Hola amigo creo que si pones tu circuito seria mas facil ayudarte...y tambien si usas el  buscador del foro te puede ayudar a buscar una solucion.....


----------



## arias1san (Dic 16, 2009)

aqui tienes el circuito.
el problema es que el BC chupa tensión y queda poco para los leds. si hubiera un transistor más eficiente...


----------



## blackpic (Dic 16, 2009)

Amigo si analizas bien la parte de potencia de tu circuito me refiero al transistor y a los led, veo que:
1- No tienes una resistencia de base en el transistor 
2- Como estas usando los diodos led en paralelo tienes que saber como hacer el calculo para la corriente total de esto ya que tu problema viene desde la fuente de alimentacion.
al parecer tu fuente no entrega la suficiente corriente para la potencia a la cual la estas sometiendo..
3- Tambien te recomiendo que pongas una resistencia de limite para los led para que no los quemes de una ves...
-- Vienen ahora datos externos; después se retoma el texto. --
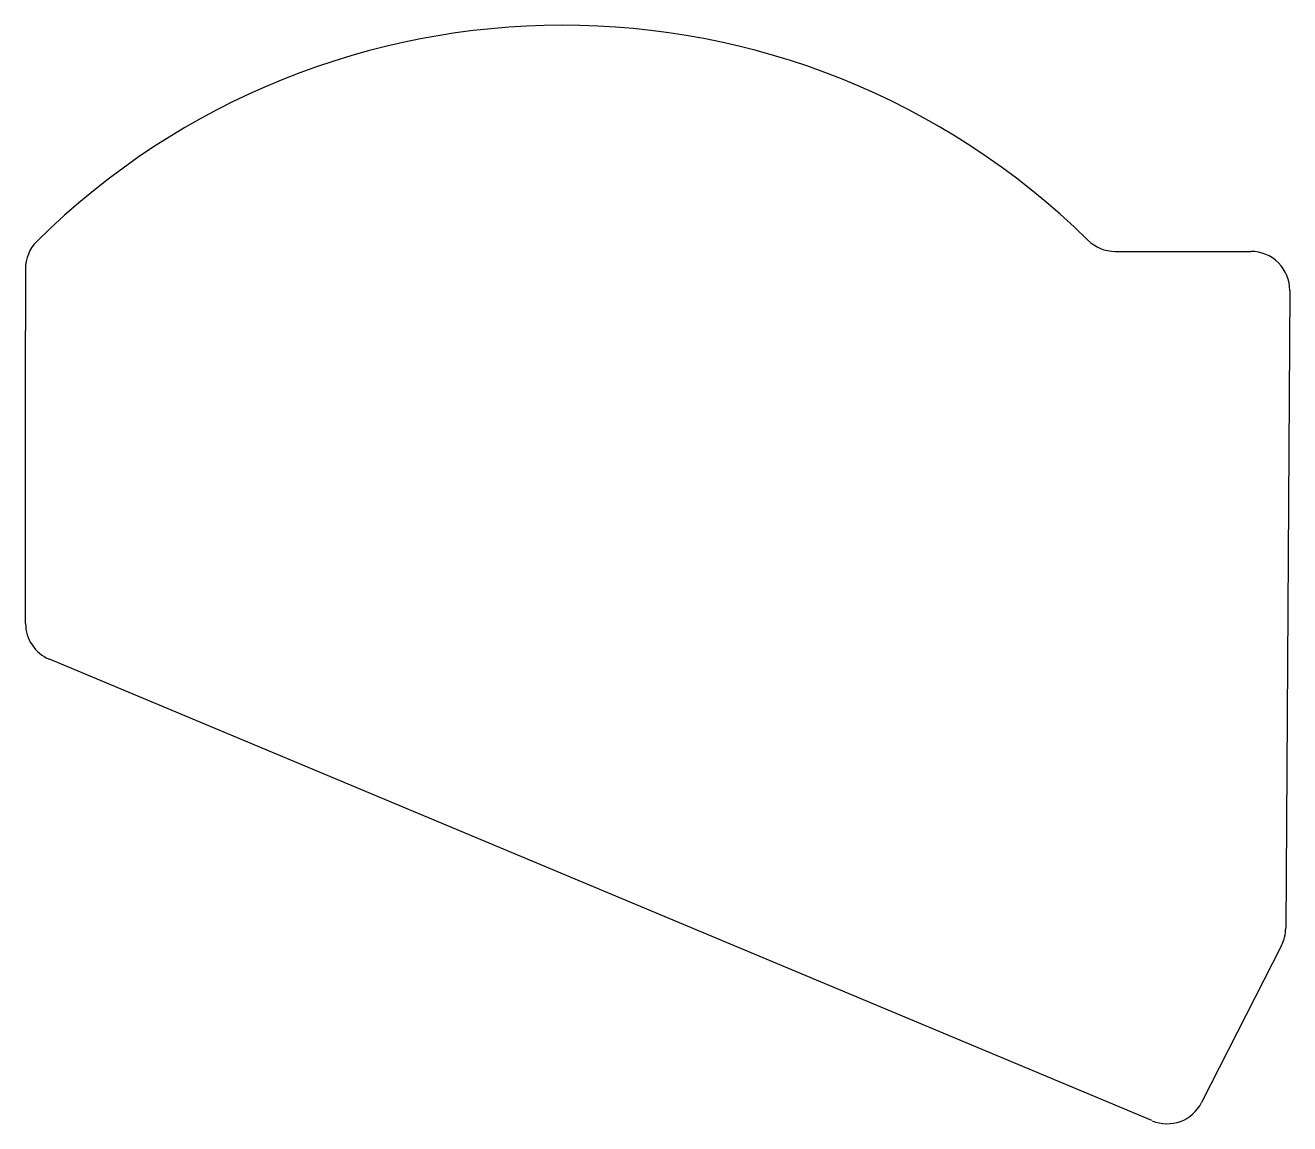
# Model space of a CAD drawing. Header units: millimetres. Extents: x 90 to 204, y -136 to -37.
import ezdxf

# ---------------------------------------------------------------- set-up
doc = ezdxf.new("R2010")
doc.units = ezdxf.units.MM

msp = doc.modelspace()

# ---------------------------------------------------------------- linework, layer by layer
for p, q in [((187.79, -57.13), (200.03, -57.13)), ((89.53, -58.72), (89.53, -64.25)), ((203.53, -60.65), (203.17, -118.14)), ((89.53, -64.25), (89.55, -64.25)), ((89.55, -90.67), (89.55, -64.25)), ((191.11, -135.49), (91.7, -93.9)), ((202.79, -119.71), (195.58, -133.85))]:
    msp.add_line(p, q)
for centre, radius, start, end in [((138, -104.25), 67.5, 45.4753, 134.6468), ((93.03, -58.72), 3.5, 134.6468, 180), ((187.79, -53.63), 3.5, 225.4753, 270), ((200.03, -60.63), 3.5, 359.6448, 90), ((93.05, -90.67), 3.5, 180, 247.2957), ((199.67, -118.12), 3.5, 333, 359.6448), ((192.47, -132.27), 3.5, 247.2957, 333)]:
    msp.add_arc(centre, radius, start, end)

doc.saveas('drawing.dxf')

Espero que esto te sirva de algo..........


----------



## arias1san (Dic 17, 2009)

Todo el sistema es un foco para una cámara submarina. Las limitaciones de espacio son importantes. Por medio de detectores magnéticos consigo la señal para iniciar y detener la grabación a través del puerto LANC de la cámara. Al mismo tiempo, otro detector magnético, activado por el mismo imán exterior a  la carcasa, me enciende y apaga los leds.
Uso 3 pilas de 1,5V, para obtener 4,5 V. Si las conecto diréctamente a los leds, la intensidad es suficiente. Pero al usar el circuito descrito, se atenúa mucho la intensidad de los leds. No es un problema de la fuente, sino de la resistencia colector emisor a saturación de base del dárligton. Pido ayuda sobre un tipo de amplificador más eficiente. Obviamente si pongo una resistencia en la base la intensidad de salida del dárligton aún será menor. Si pongo un resistencia a los leds también. 
AYUDA PLEASE!!


----------



## Siedfield (Dic 21, 2009)

Hola buenas
mira compadre quisas si hablas de espacio reducido te sea mas facil usar una batt de 9v con un regulador 7805micro quisas te sea dif encontrarlo pero puedes hacer un div de tencion con unas res y un transistor  ademas puede que el problema lejos de ser de calculo puede que lo tengas mal configurado dado que hay transistores que varian dependiendo de la coneccion de colector y emisor , me explico  si tienes los leds en colector y la base a tierra logres mayor potencia que enviando colector a +b y base a los leds y si de transistores se trata te recomiendo un 2n2222 aguanta vastante yo los uso mucho y les exijo bastante y lo rinden 
bueno espero averos servido de algo . suerte


----------



## alexus (Dic 21, 2009)

no tenes que amplificar ninguna corriente, precisas un transistor en modo conmutador, es decir, de la saturacion al corte...+

con un ff jk, da y sobra.


----------



## arias1san (Dic 22, 2009)

ff jk
eso qué es?


----------



## elosciloscopio (Dic 22, 2009)

flip-flop tipo JK


----------



## alexus (Dic 22, 2009)

exactamente!! un flip-flop jk, lo conoceras como bascula capaz...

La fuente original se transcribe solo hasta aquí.